## Task statement
Where does the word "units" occur in the data below? Copy each line that holds it.

## Stored items from a collection
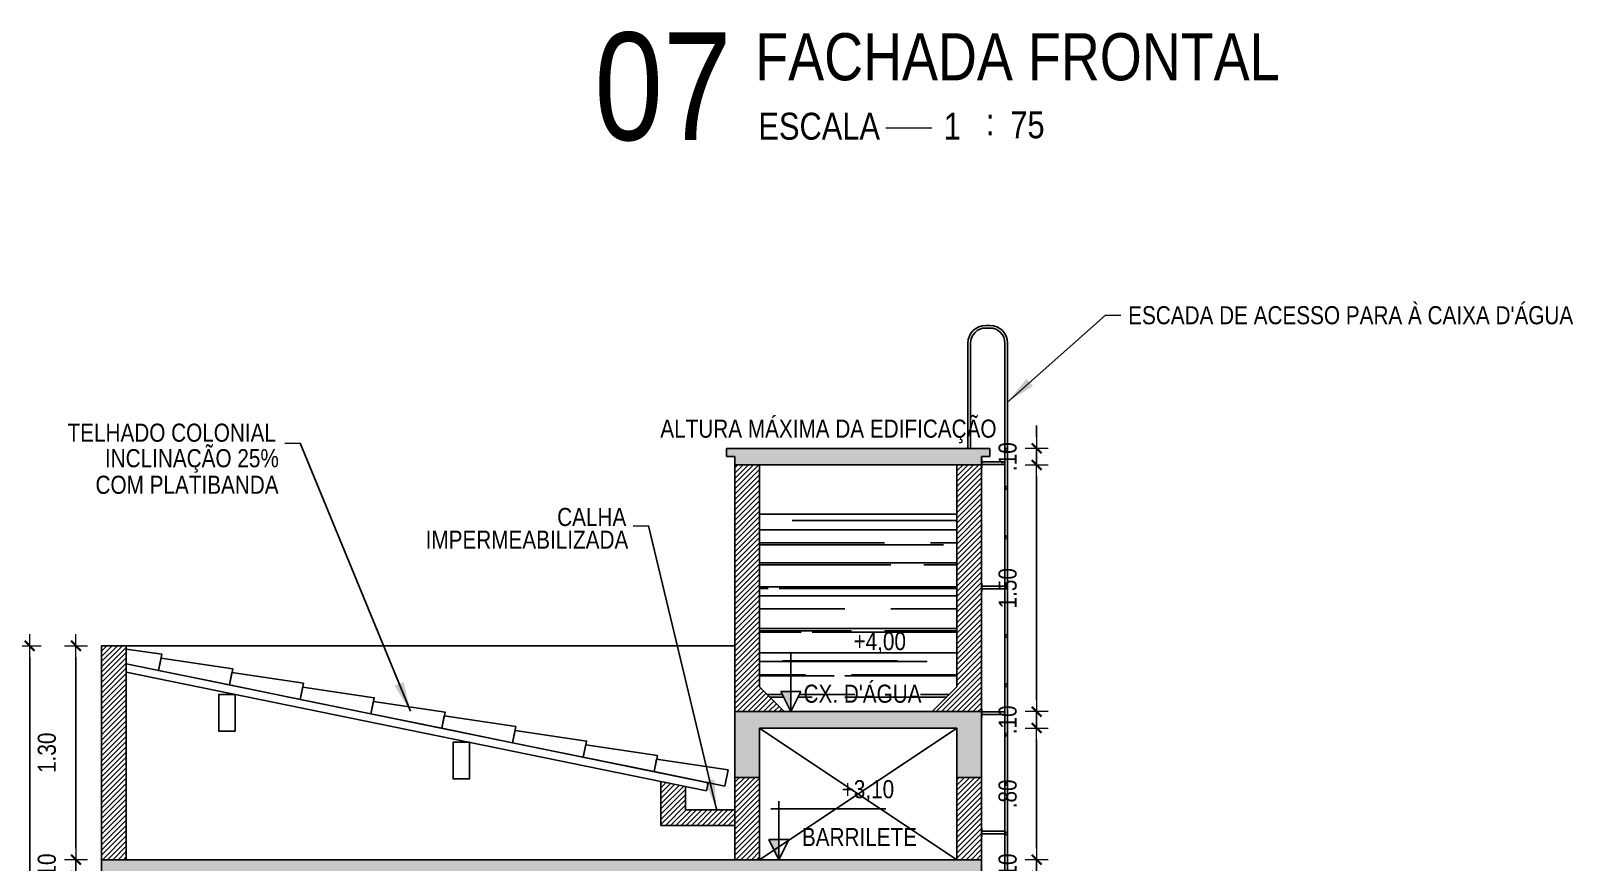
# Model space of a CAD drawing. Header units: millimetres. Extents: x -178 to 521, y -135 to 750.
# Drawn here: x -82.74 to -73.36, y 729.73 to 734.78 of the extents above; entities that cross this region are included whole.
import ezdxf
from ezdxf.enums import TextEntityAlignment as Align

# ---------------------------------------------------------------- set-up
doc = ezdxf.new("R2010")
doc.units = ezdxf.units.MM
doc.header["$LTSCALE"] = 20
doc.header["$MEASUREMENT"] = 0
doc.header["$PDSIZE"] = -5
doc.linetypes.add('HIDDEN2', pattern=[0.1875, 0.125, -0.0625])
doc.layers.get('0').update_dxf_attribs({"linetype": 'CONTINUOUS'})
doc.layers.get('Defpoints').update_dxf_attribs({"linetype": 'CONTINUOUS'})
for name, color, linetype, lineweight in [('A - V2', 4, 'CONTINUOUS', 20), ('E-Cta-W', 7, 'CONTINUOUS', 20), ('E-Pen-C', 4, 'CONTINUOUS', 15), ('E-Pen-G', 3, 'CONTINUOUS', 30), ('E-Txt-W', 7, 'CONTINUOUS', 20)]:
    doc.layers.add(name, color=color, linetype=linetype, lineweight=lineweight)
for name, color, linetype in [('COTA', 7, 'CONTINUOUS'), ('E-hatch', 8, 'CONTINUOUS'), ('E-pen-y', 2, 'CONTINUOUS'), ('E-txt-g', 3, 'CONTINUOUS'), ('E-TXT-Y', 2, 'CONTINUOUS'), ('V2', 11, 'CONTINUOUS')]:
    doc.layers.add(name, color=color, linetype=linetype)
doc.styles.add('F2', font='ARIALN.TTF')
doc.styles.add('REG60', font='romans.shx', dxfattribs={"width": 0.8, "height": 0.15})
doc.styles.add('REG80', font='romans.shx', dxfattribs={"width": 0.8, "height": 0.2})
doc.dimstyles.new('DIMENSION-1', dxfattribs={"dimtxt": 0.11, "dimasz": 0.07, "dimexe": 1, "dimexo": 0, "dimgap": 0.12, "dimtad": 1, "dimzin": 7, "dimdsep": 46, "dimtxsty": 'F2', "dimblk1": 'TRACO', "dimblk2": 'TRACO', "dimsah": 1, "dimcen": 1, "dimse1": 1, "dimse2": 1, "dimclrd": 256, "dimclre": 256, "dimclrt": 6, "dimadec": 0, "dimazin": 0, "dimtfac": 1, "dimtix": 1, "dimtmove": 2, "dimatfit": 3, "dimldrblk": 'TRACO', "dimfxl": 1, "dimtolj": 1, "dimtzin": 0, "dimarcsym": 0})
doc.dimstyles.get("Standard").update_dxf_attribs({"dimtxt": 0.18, "dimasz": 0.18, "dimexe": 0.18, "dimexo": 0.0625, "dimgap": 0.09, "dimtad": 0, "dimtih": 1, "dimtoh": 1, "dimdec": 4, "dimzin": 0, "dimdsep": 46, "dimtxsty": 'Standard', "dimcen": 0.09, "dimadec": 0, "dimazin": 0, "dimtfac": 1, "dimtdec": 4, "dimtofl": 0, "dimtmove": 0, "dimatfit": 3, "dimfxl": 1, "dimtolj": 1, "dimtzin": 0, "dimarcsym": 0})

# ---------------------------------------------------------------- blocks, each defined once
blk = doc.blocks.new('TXT-AMB75')
at = {"layer": 'E-txt-g', "style": 'REG80', "width": 0.8, "flags": 8}
blk.add_attdef('TXT', text='', height=0.2, dxfattribs=at).set_placement((0.005, 0.296), align=Align.CENTER)
at = {"layer": 'E-Txt-W', "style": 'REG60', "width": 0.8, "flags": 8}
blk.add_attdef('TXT', text='', height=0.15, dxfattribs=at).set_placement((0.005, 0.027), align=Align.CENTER)
blk = doc.blocks.new('TRACO')
at = {"layer": 'E-Pen-C'}
for p, q in [((-1, 0), (1, 0)), ((0, 1), (0, -1))]:
    blk.add_line(p, q, dxfattribs=at)
at = {"layer": 'E-Pen-G'}
blk.add_line((-0.42, -0.42), (0.42, 0.42), dxfattribs=at)
blk = doc.blocks.new('*D469')
at = {"linetype": 'Continuous', "lineweight": -2}
for p, q in [((-82.4618, 729.8132), (-82.4618, 729.8832)), ((-82.4618, 729.6432), (-82.4618, 729.7432)), ((-82.4618, 729.5732), (-82.4618, 729.5032))]:
    blk.add_line(p, q, dxfattribs=at)
at = {"layer": 'Defpoints', "color": 0, "linetype": 'Continuous'}
for p in [(-82.4618, 729.7432), (-82.3054, 729.7432), (-82.1554, 729.6432)]:
    blk.add_point(p, dxfattribs=at)
at = {"linetype": 'Continuous', "lineweight": -2, "xscale": 0.07, "yscale": 0.07, "zscale": 0.07}
for p, rotation in [((-82.4618, 729.7432), 270), ((-82.4618, 729.6432), 90)]:
    blk.add_blockref('TRACO', p, dxfattribs=dict(at, rotation=rotation))
at = {"color": 6, "linetype": 'Continuous', "insert": (-82.638, 729.6932), "char_height": 0.11, "attachment_point": 5, "rotation": 90, "style": 'F2'}
blk.add_mtext('\\A1;.10', dxfattribs=at)
blk = doc.blocks.new('*D470')
at = {"linetype": 'Continuous', "lineweight": -2}
blk.add_line((-82.4618, 729.8132), (-82.4618, 730.9732), dxfattribs=at)
at = {"layer": 'Defpoints', "color": 0, "linetype": 'Continuous'}
for p in [(-82.4618, 731.0432), (-82.3054, 731.0432), (-82.3054, 729.7432)]:
    blk.add_point(p, dxfattribs=at)
at = {"linetype": 'Continuous', "lineweight": -2, "xscale": 0.07, "yscale": 0.07, "zscale": 0.07}
for p, rotation in [((-82.4618, 731.0432), 90), ((-82.4618, 729.7432), 270)]:
    blk.add_blockref('TRACO', p, dxfattribs=dict(at, rotation=rotation))
at = {"color": 6, "linetype": 'Continuous', "insert": (-82.638, 730.3932), "char_height": 0.11, "attachment_point": 5, "rotation": 90, "style": 'F2'}
blk.add_mtext('\\A1;1.30', dxfattribs=at)
blk = doc.blocks.new('*D471')
at = {"linetype": 'Continuous', "lineweight": -2}
blk.add_line((-82.7421, 730.9732), (-82.7421, 726.7132), dxfattribs=at)
at = {"layer": 'Defpoints', "color": 0, "linetype": 'Continuous'}
for p in [(-82.3054, 731.0432), (-82.7421, 726.6432), (-82.3054, 726.6432)]:
    blk.add_point(p, dxfattribs=at)
at = {"linetype": 'Continuous', "lineweight": -2, "xscale": 0.07, "yscale": 0.07, "zscale": 0.07}
for p, rotation in [((-82.7421, 731.0432), 90), ((-82.7421, 726.6432), 270)]:
    blk.add_blockref('TRACO', p, dxfattribs=dict(at, rotation=rotation))
at = {"color": 6, "linetype": 'Continuous', "insert": (-82.9183, 728.8432), "char_height": 0.11, "attachment_point": 5, "rotation": 90, "style": 'F2'}
blk.add_mtext('\\A1;4.40', dxfattribs=at)
blk = doc.blocks.new('*D474')
at = {"linetype": 'Continuous', "lineweight": -2}
for p, q in [((-76.6207, 729.8132), (-76.6207, 729.8832)), ((-76.6207, 729.6432), (-76.6207, 729.7432)), ((-76.6207, 729.5732), (-76.6207, 729.5032))]:
    blk.add_line(p, q, dxfattribs=at)
at = {"layer": 'Defpoints', "color": 0, "linetype": 'Continuous'}
for p in [(-77.1054, 729.7432), (-76.6207, 729.7432), (-77.1054, 729.6432)]:
    blk.add_point(p, dxfattribs=at)
at = {"linetype": 'Continuous', "lineweight": -2, "xscale": 0.07, "yscale": 0.07, "zscale": 0.07}
for p, rotation in [((-76.6207, 729.7432), 270), ((-76.6207, 729.6432), 90)]:
    blk.add_blockref('TRACO', p, dxfattribs=dict(at, rotation=rotation))
at = {"color": 6, "linetype": 'Continuous', "insert": (-76.7968, 729.6932), "char_height": 0.11, "attachment_point": 5, "rotation": 90, "style": 'F2'}
blk.add_mtext('\\A1;.10', dxfattribs=at)
blk = doc.blocks.new('*D475')
at = {"linetype": 'Continuous', "lineweight": -2}
blk.add_line((-76.6207, 729.8132), (-76.6207, 730.4732), dxfattribs=at)
at = {"layer": 'Defpoints', "color": 0, "linetype": 'Continuous'}
for p in [(-77.1054, 730.5432), (-76.6207, 730.5432), (-77.1054, 729.7432)]:
    blk.add_point(p, dxfattribs=at)
at = {"linetype": 'Continuous', "lineweight": -2, "xscale": 0.07, "yscale": 0.07, "zscale": 0.07}
for p, rotation in [((-76.6207, 730.5432), 90), ((-76.6207, 729.7432), 270)]:
    blk.add_blockref('TRACO', p, dxfattribs=dict(at, rotation=rotation))
at = {"color": 6, "linetype": 'Continuous', "insert": (-76.7968, 730.1432), "char_height": 0.11, "attachment_point": 5, "rotation": 90, "style": 'F2'}
blk.add_mtext('\\A1;.80', dxfattribs=at)
blk = doc.blocks.new('*D476')
at = {"linetype": 'Continuous', "lineweight": -2}
for p, q in [((-76.6207, 730.7132), (-76.6207, 730.7832)), ((-76.6207, 730.5432), (-76.6207, 730.6432)), ((-76.6207, 730.4732), (-76.6207, 730.4032))]:
    blk.add_line(p, q, dxfattribs=at)
at = {"layer": 'Defpoints', "color": 0, "linetype": 'Continuous'}
for p in [(-77.1054, 730.6432), (-76.6207, 730.6432), (-77.1054, 730.5432)]:
    blk.add_point(p, dxfattribs=at)
at = {"linetype": 'Continuous', "lineweight": -2, "xscale": 0.07, "yscale": 0.07, "zscale": 0.07}
for p, rotation in [((-76.6207, 730.6432), 270), ((-76.6207, 730.5432), 90)]:
    blk.add_blockref('TRACO', p, dxfattribs=dict(at, rotation=rotation))
at = {"color": 6, "linetype": 'Continuous', "insert": (-76.7968, 730.5932), "char_height": 0.11, "attachment_point": 5, "rotation": 90, "style": 'F2'}
blk.add_mtext('\\A1;.10', dxfattribs=at)
blk = doc.blocks.new('*D477')
at = {"linetype": 'Continuous', "lineweight": -2}
blk.add_line((-76.6207, 730.7132), (-76.6207, 732.0732), dxfattribs=at)
at = {"layer": 'Defpoints', "color": 0, "linetype": 'Continuous'}
for p in [(-76.9554, 732.1432), (-76.6207, 732.1432), (-77.1054, 730.6432)]:
    blk.add_point(p, dxfattribs=at)
at = {"linetype": 'Continuous', "lineweight": -2, "xscale": 0.07, "yscale": 0.07, "zscale": 0.07}
for p, rotation in [((-76.6207, 732.1432), 90), ((-76.6207, 730.6432), 270)]:
    blk.add_blockref('TRACO', p, dxfattribs=dict(at, rotation=rotation))
at = {"color": 6, "linetype": 'Continuous', "insert": (-76.7968, 731.3932), "char_height": 0.11, "attachment_point": 5, "rotation": 90, "style": 'F2'}
blk.add_mtext('\\A1;1.50', dxfattribs=at)
blk = doc.blocks.new('*D478')
at = {"linetype": 'Continuous', "lineweight": -2}
for p, q in [((-76.6207, 732.3132), (-76.6207, 732.3832)), ((-76.6207, 732.1432), (-76.6207, 732.2432)), ((-76.6207, 732.0732), (-76.6207, 732.0032))]:
    blk.add_line(p, q, dxfattribs=at)
at = {"layer": 'Defpoints', "color": 0, "linetype": 'Continuous'}
for p in [(-76.9054, 732.2432), (-76.6207, 732.2432), (-76.9554, 732.1432)]:
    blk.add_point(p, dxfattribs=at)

## Written answer
# Model space of a CAD drawing. Header units: millimetres. Extents: x -178 to 521, y -135 to 750.
doc.units = ezdxf.units.MM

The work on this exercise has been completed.